▸ **EXERCISE GOAL**: Copy exactly the last part of the listing below, beginning at the line that contains "- Fluchtend:6 [Flush]: Planktoscope_Mini_Peristalticpump:1" and including the final line.

▸ **STORED DATA**:
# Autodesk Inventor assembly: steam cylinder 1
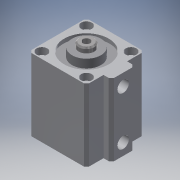
[picture p0: Inventor's stored thumbnail of the model, 180x180]
Saved by Autodesk Inventor 2016 (Build 200138000, 138)
## iProperties
Created: 2017-06-14
Part Number: steam cylinder 1
Document SubType Name: Assembly
Designer: RMcComber
Author: RMcComber
## Documents named in this file (4)
- C:\Users\zimirken\Documents\Steam Engines\two cylinder shaft drive 2\steam cylinder 1.iam
- C:\Users\zimirken\Documents\Steam Engines\two cylinder shaft drive 2\cylinder.ipt
- C:\Users\zimirken\Documents\Steam Engines\two cylinder shaft drive 2\piston.ipt
- C:\Users\zimirken\Documents\Steam Engines\two cylinder shaft drive 2\cylinder cap.ipt
## Components (3 placed, 3 different names)
1. cylinder:1 — Mate:1, Mate:2, Flush:2, Mate:3
2. piston:1 — Mate:1, Mate:3
3. cylinder cap:1 — Mate:2, Flush:2
## Relationships (4: Mate 3, Flush 1)
- Mate:1: cylinder:1 ↔ piston:1
- Mate:2: cylinder:1 ↔ cylinder cap:1
- Flush:2 (-3 mm): cylinder:1 ↔ cylinder cap:1
- Mate:3: cylinder:1 ↔ piston:1
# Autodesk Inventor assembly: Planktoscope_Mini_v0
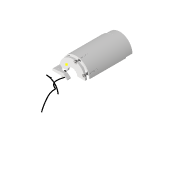
[picture p0: Inventor's stored thumbnail of the model, 180x180]
Saved by Autodesk Inventor 2022 (Build 260153000, 153)
## iProperties
Created: 2022-04-02
Part Number: Planktoscope_Mini_v0
Document SubType Name: Assembly
Designer: Prakash Lab
Author: Prakash Lab
## Documents named in this file (13)
- C:\Users\diederichbenedict\Dropbox\Dokumente\Promotion\PROJECTS\Matchboxscope\INVENTOR\Planktoscope_Mini\Planktoscope_Mini_v0.iam
- C:\Users\diederichbenedict\Dropbox\Dokumente\Promotion\PROJECTS\Matchboxscope\INVENTOR\MATCHBOXSCOPE\Matchboxscope_bottom_v0.ipt
- C:\Users\diederichbenedict\Dropbox\Dokumente\Promotion\PROJECTS\Matchboxscope\INVENTOR\MATCHBOXSCOPE\00_ESP3-CAM.iam
- C:\Users\diederichbenedict\Dropbox\Dokumente\Promotion\PROJECTS\Matchboxscope\INVENTOR\MATCHBOXSCOPE\00_Powerbank.ipt
- C:\Users\diederichbenedict\Dropbox\Dokumente\Promotion\PROJECTS\Matchboxscope\INVENTOR\MATCHBOXSCOPE\00_spring.ipt
- C:\Users\diederichbenedict\Documents\Inventor\Content Center Files\R2022\de-DE\DIN 912\DIN 912 - M3 x 0.5 x 25 x 18.ipt
- C:\Users\diederichbenedict\Dropbox\Dokumente\Promotion\PROJECTS\Matchboxscope\INVENTOR\MATCHBOXSCOPE\Matchboxscope_middle2_v2.ipt
- C:\Users\diederichbenedict\Dropbox\Dokumente\Promotion\PROJECTS\Matchboxscope\INVENTOR\MATCHBOXSCOPE\Anglerfish_Cameraspacer.ipt
- C:\Users\diederichbenedict\Dropbox\Dokumente\Promotion\PROJECTS\Matchboxscope\INVENTOR\MATCHBOXSCOPE\Matchboxscope_sample_universal_toslink.ipt
- C:\Users\diederichbenedict\Dropbox\Dokumente\Promotion\PROJECTS\Matchboxscope\INVENTOR\MATCHBOXSCOPE\Planktoscope_Mini_Peristalticpump.iam
- C:\Users\diederichbenedict\Dropbox\Dokumente\Promotion\PROJECTS\Matchboxscope\INVENTOR\Planktoscope_Mini\00_Toslink.ipt
- C:\Users\diederichbenedict\Dropbox\Dokumente\Promotion\PROJECTS\Matchboxscope\INVENTOR\MATCHBOXSCOPE\Planktoscope_Mini_Electronicbase.iam
- C:\Users\diederichbenedict\Dropbox\Dokumente\Promotion\PROJECTS\Matchboxscope\INVENTOR\MATCHBOXSCOPE\Planktoscope_connectortube.ipt
## Components (20 placed, 12 different names)
1. Matchboxscope_bottom_v0:1 — Mate:1, Mate:2, Mate:3, Mate:4, Flush:1, Einfügen:1, Winkel:1, Passend:8, Passend:9
2. 00_ESP3-CAM:1 [sub-assembly] — Mate:4, Flush:1, Passend:5
3. 00_Powerbank:1
4. 00_spring:1
5. DIN 912 - ersetzt durch DIN EN ISO 4762 M3 x 25:1 — Passend:6
6. DIN 912 - ersetzt durch DIN EN ISO 4762 M3 x 25:2
7. DIN 912 - ersetzt durch DIN EN ISO 4762 M3 x 25:3
8. 00_spring:3
9. 00_spring:4
10. DIN 912 - ersetzt durch DIN EN ISO 4762 M3 x 25:4
11. DIN 912 - ersetzt durch DIN EN ISO 4762 M3 x 25:5
12. DIN 912 - ersetzt durch DIN EN ISO 4762 M3 x 25:6
13. DIN 912 - ersetzt durch DIN EN ISO 4762 M3 x 25:7
14. Matchboxscope_middle2_v2:1 — Einfügen:1, Passend:5, Winkel:1, Passend:7
15. Anglerfish_Cameraspacer:1
16. Matchboxscope_sample_universal_toslink:1 — Passend:6, Passend:7, Einfügen:2
17. Planktoscope_Mini_Peristalticpump:1 [sub-assembly] — Passend:8, Passend:9, Fluchtend:6, Fluchtend:7
18. 00_Toslink:1 — Einfügen:2
19. Planktoscope_Mini_Electronicbase:2 [sub-assembly]
20. Planktoscope_connectortube:1 — Fluchtend:6, Fluchtend:7
## Relationships (22: Mate 12, Flush 7, Insert 2, Angle 1)
- Mate:1: Matchboxscope_bottom_v0:1
- Mate:2: Matchboxscope_bottom_v0:1
- Mate:3: Matchboxscope_bottom_v0:1
- Mate:4: Matchboxscope_bottom_v0:1 ↔ 00_ESP3-CAM:1
- Flush:1: Matchboxscope_bottom_v0:1 ↔ 00_ESP3-CAM:1
- Einfügen:1 [Insert]: Matchboxscope_bottom_v0:1 ↔ Matchboxscope_middle2_v2:1
- Passend:5 [Mate] (3 mm): 00_ESP3-CAM:1 ↔ Matchboxscope_middle2_v2:1
- Winkel:1 [Angle] (180 deg): Matchboxscope_bottom_v0:1 ↔ Matchboxscope_middle2_v2:1
- Passend:6 [Mate]: DIN 912 - ersetzt durch DIN EN ISO 4762 M3 x 25:1 ↔ Matchboxscope_sample_universal_toslink:1
- Passend:7 [Mate]: Matchboxscope_middle2_v2:1 ↔ Matchboxscope_sample_universal_toslink:1
- Passend:8 [Mate]: Matchboxscope_bottom_v0:1 ↔ Planktoscope_Mini_Peristalticpump:1
- Passend:9 [Mate]: Matchboxscope_bottom_v0:1 ↔ Planktoscope_Mini_Peristalticpump:1
- Einfügen:2 [Insert] (12 mm): Matchboxscope_sample_universal_toslink:1 ↔ 00_Toslink:1
- [Mate] (3 mm): Planktoscope_Mini_Peristalticpump:1 ↔ Planktoscope_Mini_Electronicbase:2
- [Mate]: Planktoscope_Mini_Peristalticpump:1 ↔ Planktoscope_Mini_Electronicbase:2
- [Mate]: Planktoscope_Mini_Peristalticpump:1 ↔ Planktoscope_Mini_Electronicbase:2
- [Flush]: Planktoscope_Mini_Peristalticpump:1 ↔ Planktoscope_Mini_Electronicbase:2
- [Flush]: Planktoscope_Mini_Peristalticpump:1 ↔ Planktoscope_Mini_Electronicbase:2
- [Flush]: Planktoscope_Mini_Peristalticpump:1 ↔ Planktoscope_Mini_Electronicbase:2
- [Flush]: Planktoscope_Mini_Peristalticpump:1 ↔ Planktoscope_Mini_Electronicbase:2
- Fluchtend:6 [Flush]: Planktoscope_Mini_Peristalticpump:1 ↔ Planktoscope_connectortube:1
- Fluchtend:7 [Flush]: Planktoscope_Mini_Peristalticpump:1 ↔ Planktoscope_connectortube:1

▸ **SOLUTION FOR THIS EXERCISE**:
- Fluchtend:6 [Flush]: Planktoscope_Mini_Peristalticpump:1 ↔ Planktoscope_connectortube:1
- Fluchtend:7 [Flush]: Planktoscope_Mini_Peristalticpump:1 ↔ Planktoscope_connectortube:1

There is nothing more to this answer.